Stored dataset items
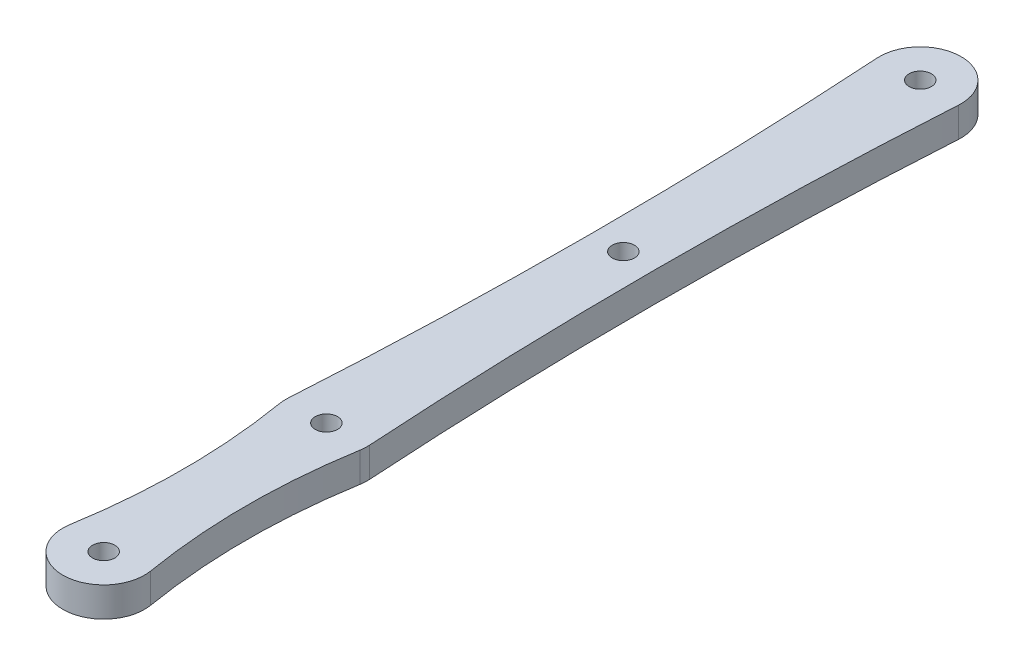
SolidWorks part; units mm, degrees
ref_plane "Front Plane" through (0, 0, 0) normal (0, 0, 1) x (1, 0, 0)
ref_plane "Top Plane" through (0, 0, 0) normal (0, 1, 0) x (1, 0, 0)
ref_plane "Right Plane" through (0, 0, 0) normal (1, 0, 0) x (0, 0, -1)
sketch "Sketch1" plane through (0, 0, 0) normal (0, 1, 0) x (1, 0, 0)
  line L0 (0, 0) -> (0, 110) construction
  line L3 (4.25, 70) -> (-4.25, 70) construction
  line L4 (4.25, 15) -> (-4.25, 15) construction
  circle A2 centre (0, 0) radius 1.5
  circle A3 centre (0, 110) radius 1.5
  arc A8 (-5.4241, 0.9103) -> (5.4241, 0.9103) centre (0, 0) ccw
  arc A9 (5.4893, 109.6566) -> (-5.4893, 109.6566) centre (0, 110) ccw
  circle A12 centre (0, 30) radius 1.5
  arc A13 (-5.4893, 30.3434) -> (-5.4241, 29.0897) centre (0, 30) ccw
  arc A14 (5.4241, 0.9103) -> (5.4241, 29.0897) centre (89.375, 15) cw
  arc A15 (5.4893, 30.3434) -> (5.4893, 109.6566) centre (639.375, 70) cw
  arc A16 (-5.4241, 0.9103) -> (-5.4241, 29.0897) centre (-89.375, 15) ccw
  arc A17 (-5.4893, 30.3434) -> (-5.4893, 109.6566) centre (-639.375, 70) ccw
  arc A18 (5.4241, 29.0897) -> (5.4893, 30.3434) centre (0, 30) ccw
  circle A19 centre (0, 70) radius 1.5
  point P26 (0, 15)
  point P27 (0, 70)
  dimension "D1" = 3
  dimension "D2" = 110
  dimension "D3" = 4
  dimension "D5" = 8.5
  dimension "D6" = 3
  dimension "D4" = 30
extrude "Boss-Extrude1" add sketch "Sketch1" along normal blind 4

• TASK REQUIREMENTS
Extract every line containing the string "through" from the data above.

• ANSWER TO THE PROBLEM
ref_plane "Front Plane" through (0, 0, 0) normal (0, 0, 1) x (1, 0, 0)
ref_plane "Top Plane" through (0, 0, 0) normal (0, 1, 0) x (1, 0, 0)
ref_plane "Right Plane" through (0, 0, 0) normal (1, 0, 0) x (0, 0, -1)
sketch "Sketch1" plane through (0, 0, 0) normal (0, 1, 0) x (1, 0, 0)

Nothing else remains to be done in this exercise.